5. Hold market players accountable, starting at the top
6. Overhaul our regulations so they are comprehensive and free of gaps
7. Recognize that the challenges we face are global
Kudos for Taj Mahal Blues
I roamed into a Lombard Street party in San Francisco forty years ago and began slapping my knees to the blues of Taj Mahal. During a pause, he walked into the kitchen to retrieve two tablespoons and showed me how to use ’em. A wonderful evening.
Taj Mahal, a two-time Grammy winner, will soon be inducted into the Blues Hall of Fame.
“The blues is played everywhere. There’s no place I’ve been where they don’t have blues or aren’t interested in blues.”
Falling on mistakes
Black Swan author Nassim Taleb:
Indeed, the incentive system put in place by financial companies has produced the worst possible economic system mankind can imagine: capitalism for the profits and socialism for the losses.
…
Roman soldiers signed a sacramentum accepting punishment in the event of failure. [wiki]
Night has been lost
The 24-hour day has arrived.
The night sky has been disintegrated.
Nothing twinkles in the heavens anymore…
A photon soup floods village and cities, drowning out the view of the stars. Insects, birds and other animals are getting confused, ecosystems are suffering and even humans are being harmed, both physically and culturally.
“We know about the adverse health effects of noise, but with light we are just beginning to understand the connection.
“Despite climate change, the economic crisis and high electricity prices, thousands upon thousands of new light sources are constantly being added to the mix… practically increasing from one night to the next.”
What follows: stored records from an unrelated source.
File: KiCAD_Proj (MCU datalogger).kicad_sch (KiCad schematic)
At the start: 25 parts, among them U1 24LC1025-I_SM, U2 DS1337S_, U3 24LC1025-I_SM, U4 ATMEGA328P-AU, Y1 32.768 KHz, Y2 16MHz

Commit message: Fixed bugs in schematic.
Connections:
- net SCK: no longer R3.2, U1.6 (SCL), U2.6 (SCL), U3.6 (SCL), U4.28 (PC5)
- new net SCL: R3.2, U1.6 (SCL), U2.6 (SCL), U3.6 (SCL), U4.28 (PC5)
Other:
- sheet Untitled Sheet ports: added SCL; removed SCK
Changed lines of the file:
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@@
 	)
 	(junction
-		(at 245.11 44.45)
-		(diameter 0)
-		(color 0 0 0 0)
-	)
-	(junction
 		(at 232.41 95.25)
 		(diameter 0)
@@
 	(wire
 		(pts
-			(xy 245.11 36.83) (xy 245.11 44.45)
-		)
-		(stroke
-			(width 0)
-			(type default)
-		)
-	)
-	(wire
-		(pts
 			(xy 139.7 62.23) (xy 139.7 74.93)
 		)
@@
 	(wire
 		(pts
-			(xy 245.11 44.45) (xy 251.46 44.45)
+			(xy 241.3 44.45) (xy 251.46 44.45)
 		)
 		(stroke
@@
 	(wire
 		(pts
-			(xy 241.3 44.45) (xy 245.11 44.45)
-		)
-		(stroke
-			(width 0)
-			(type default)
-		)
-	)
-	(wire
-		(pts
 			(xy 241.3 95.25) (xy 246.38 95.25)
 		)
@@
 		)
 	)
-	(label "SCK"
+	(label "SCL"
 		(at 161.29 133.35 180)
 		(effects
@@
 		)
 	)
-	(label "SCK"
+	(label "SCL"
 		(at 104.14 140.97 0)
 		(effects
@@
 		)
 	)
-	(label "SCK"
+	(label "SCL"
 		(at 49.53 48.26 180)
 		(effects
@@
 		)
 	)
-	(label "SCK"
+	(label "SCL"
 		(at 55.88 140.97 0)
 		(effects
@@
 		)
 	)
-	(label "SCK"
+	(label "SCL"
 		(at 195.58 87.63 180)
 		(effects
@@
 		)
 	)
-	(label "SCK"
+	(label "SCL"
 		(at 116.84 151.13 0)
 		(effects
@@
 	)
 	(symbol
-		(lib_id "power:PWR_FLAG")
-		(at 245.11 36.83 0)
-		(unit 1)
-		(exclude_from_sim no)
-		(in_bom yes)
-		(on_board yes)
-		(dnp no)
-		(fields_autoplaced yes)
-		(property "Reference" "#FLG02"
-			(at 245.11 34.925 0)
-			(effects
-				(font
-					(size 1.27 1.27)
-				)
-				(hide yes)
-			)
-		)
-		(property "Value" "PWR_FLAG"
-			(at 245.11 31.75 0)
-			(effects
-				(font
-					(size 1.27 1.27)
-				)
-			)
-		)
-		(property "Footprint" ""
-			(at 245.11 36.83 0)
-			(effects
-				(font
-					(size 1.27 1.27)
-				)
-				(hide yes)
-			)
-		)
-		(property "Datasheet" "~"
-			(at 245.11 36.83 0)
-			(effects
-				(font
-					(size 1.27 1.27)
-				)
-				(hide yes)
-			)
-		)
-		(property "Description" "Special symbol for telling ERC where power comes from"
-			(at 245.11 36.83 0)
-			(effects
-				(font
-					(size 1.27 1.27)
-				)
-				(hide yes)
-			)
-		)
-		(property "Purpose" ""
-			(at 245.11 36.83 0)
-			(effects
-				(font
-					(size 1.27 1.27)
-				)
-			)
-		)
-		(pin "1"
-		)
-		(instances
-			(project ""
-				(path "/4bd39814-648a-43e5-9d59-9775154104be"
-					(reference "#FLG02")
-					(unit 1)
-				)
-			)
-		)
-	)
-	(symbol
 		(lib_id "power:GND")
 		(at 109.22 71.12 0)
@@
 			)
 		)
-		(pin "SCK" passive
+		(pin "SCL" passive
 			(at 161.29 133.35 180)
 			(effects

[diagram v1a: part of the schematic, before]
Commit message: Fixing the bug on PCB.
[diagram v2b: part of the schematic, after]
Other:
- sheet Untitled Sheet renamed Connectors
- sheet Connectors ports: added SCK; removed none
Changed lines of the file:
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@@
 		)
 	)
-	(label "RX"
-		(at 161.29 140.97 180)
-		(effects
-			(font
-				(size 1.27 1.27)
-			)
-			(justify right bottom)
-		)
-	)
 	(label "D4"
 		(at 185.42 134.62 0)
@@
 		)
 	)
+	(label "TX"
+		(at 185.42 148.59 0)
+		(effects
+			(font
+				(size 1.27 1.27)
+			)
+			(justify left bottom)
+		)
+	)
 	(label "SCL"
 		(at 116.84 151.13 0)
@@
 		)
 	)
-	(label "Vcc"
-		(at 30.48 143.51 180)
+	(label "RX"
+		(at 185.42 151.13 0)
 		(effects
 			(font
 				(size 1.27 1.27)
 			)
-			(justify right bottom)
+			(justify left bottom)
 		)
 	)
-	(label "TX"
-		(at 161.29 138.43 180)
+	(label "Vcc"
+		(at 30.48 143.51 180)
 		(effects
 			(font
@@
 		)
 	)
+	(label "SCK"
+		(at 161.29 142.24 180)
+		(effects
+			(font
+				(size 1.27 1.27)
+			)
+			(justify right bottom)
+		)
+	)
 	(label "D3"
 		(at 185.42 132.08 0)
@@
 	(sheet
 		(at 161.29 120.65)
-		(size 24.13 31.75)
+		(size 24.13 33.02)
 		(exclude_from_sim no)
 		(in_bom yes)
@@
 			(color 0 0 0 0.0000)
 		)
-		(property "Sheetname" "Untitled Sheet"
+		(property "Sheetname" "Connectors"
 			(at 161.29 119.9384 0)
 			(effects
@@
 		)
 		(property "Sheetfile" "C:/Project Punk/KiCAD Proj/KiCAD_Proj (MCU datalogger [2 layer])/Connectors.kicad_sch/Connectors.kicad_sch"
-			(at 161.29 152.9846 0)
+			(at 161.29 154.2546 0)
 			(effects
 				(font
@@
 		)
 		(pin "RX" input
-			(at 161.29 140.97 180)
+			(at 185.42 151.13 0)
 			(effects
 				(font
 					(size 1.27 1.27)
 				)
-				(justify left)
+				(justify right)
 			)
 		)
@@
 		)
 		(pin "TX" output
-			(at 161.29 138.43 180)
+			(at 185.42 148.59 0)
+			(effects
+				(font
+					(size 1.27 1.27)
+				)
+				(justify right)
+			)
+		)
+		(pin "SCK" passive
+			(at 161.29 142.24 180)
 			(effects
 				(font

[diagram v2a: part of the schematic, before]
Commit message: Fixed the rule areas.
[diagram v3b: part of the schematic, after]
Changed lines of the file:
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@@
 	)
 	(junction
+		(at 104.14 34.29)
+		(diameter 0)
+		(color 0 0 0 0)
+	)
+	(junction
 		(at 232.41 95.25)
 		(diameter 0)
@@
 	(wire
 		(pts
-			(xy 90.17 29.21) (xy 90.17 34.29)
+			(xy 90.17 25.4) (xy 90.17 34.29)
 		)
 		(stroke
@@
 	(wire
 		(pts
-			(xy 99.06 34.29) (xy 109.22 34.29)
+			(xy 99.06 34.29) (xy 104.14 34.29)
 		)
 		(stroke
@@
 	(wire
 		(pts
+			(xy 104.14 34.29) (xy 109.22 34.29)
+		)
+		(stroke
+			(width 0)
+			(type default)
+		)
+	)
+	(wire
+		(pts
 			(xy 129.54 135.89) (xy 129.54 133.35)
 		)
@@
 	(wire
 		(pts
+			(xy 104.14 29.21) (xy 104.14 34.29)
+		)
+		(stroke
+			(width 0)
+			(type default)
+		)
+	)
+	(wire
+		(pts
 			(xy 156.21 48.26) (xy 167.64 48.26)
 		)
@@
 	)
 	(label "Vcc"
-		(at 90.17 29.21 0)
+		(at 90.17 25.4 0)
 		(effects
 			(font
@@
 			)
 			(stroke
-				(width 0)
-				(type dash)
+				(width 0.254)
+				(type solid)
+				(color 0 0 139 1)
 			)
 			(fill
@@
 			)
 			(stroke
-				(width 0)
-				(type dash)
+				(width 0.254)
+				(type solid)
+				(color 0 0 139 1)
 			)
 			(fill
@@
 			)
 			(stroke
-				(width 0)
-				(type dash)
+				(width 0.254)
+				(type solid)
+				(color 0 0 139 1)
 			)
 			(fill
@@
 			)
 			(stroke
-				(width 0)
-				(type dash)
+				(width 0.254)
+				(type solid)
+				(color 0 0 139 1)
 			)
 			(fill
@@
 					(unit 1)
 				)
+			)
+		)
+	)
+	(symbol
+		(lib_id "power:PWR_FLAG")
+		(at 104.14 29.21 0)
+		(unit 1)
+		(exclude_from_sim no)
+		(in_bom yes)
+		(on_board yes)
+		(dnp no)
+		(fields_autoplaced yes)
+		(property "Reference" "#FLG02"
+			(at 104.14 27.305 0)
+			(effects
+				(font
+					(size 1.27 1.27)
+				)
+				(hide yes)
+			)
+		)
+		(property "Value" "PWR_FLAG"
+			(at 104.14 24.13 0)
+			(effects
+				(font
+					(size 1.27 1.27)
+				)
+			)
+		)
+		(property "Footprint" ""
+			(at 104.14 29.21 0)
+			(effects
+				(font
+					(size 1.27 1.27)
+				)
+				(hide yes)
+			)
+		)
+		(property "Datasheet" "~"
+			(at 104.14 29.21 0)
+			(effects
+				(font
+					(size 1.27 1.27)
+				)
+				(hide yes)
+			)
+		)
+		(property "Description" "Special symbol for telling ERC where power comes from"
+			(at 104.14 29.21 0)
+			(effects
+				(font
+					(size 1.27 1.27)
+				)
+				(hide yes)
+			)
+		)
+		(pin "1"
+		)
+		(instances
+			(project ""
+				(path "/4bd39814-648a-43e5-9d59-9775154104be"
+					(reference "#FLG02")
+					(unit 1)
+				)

Light smog: “Unless we create dark sky zones, a truly dark sky will not be found.”
Er, everybody maybe but I
British Psych. Society reports:
People can recognize in just ten seconds whether one person has the hots for another.
Researchers also noticed:
A key finding was less accuracy when judging the romantic interest of females compared with males, just as the researchers had predicted.
So that explains it.
But 10 seconds is nothin’ in the race for a sexual cue.
People accurately judge men’s sexual orientation in 50ms!
Genius of each
Do not train a child to learn by force or harshness; but direct them to it by what amuses their minds, so that you may be better able to discover with accuracy the peculiar bent of the genius of each. – Plato
Ending trickles
Christian Science Monitor:
Warren Buffett paid 17.7 percent of his income in total taxes. His secretary, who made $60,000, paid 30 percent of hers. While making more than $60,000 per hour, the tax rate for America’s top 400 is just 17.2 percent, and they don’t pay that.
How did we end up with this sorry state of affairs?
Lawmakers in Congress have spent the past several decades systematically slicing the tax rates on America’s top income brackets. Their rationale? Lower taxes on the top, free up capital for investment, and boost productivity. In actual economic practice, those lower taxes have served instead to fuel speculation and increase budget deficits.
More than ever, America needs its ultrarich to chip in more.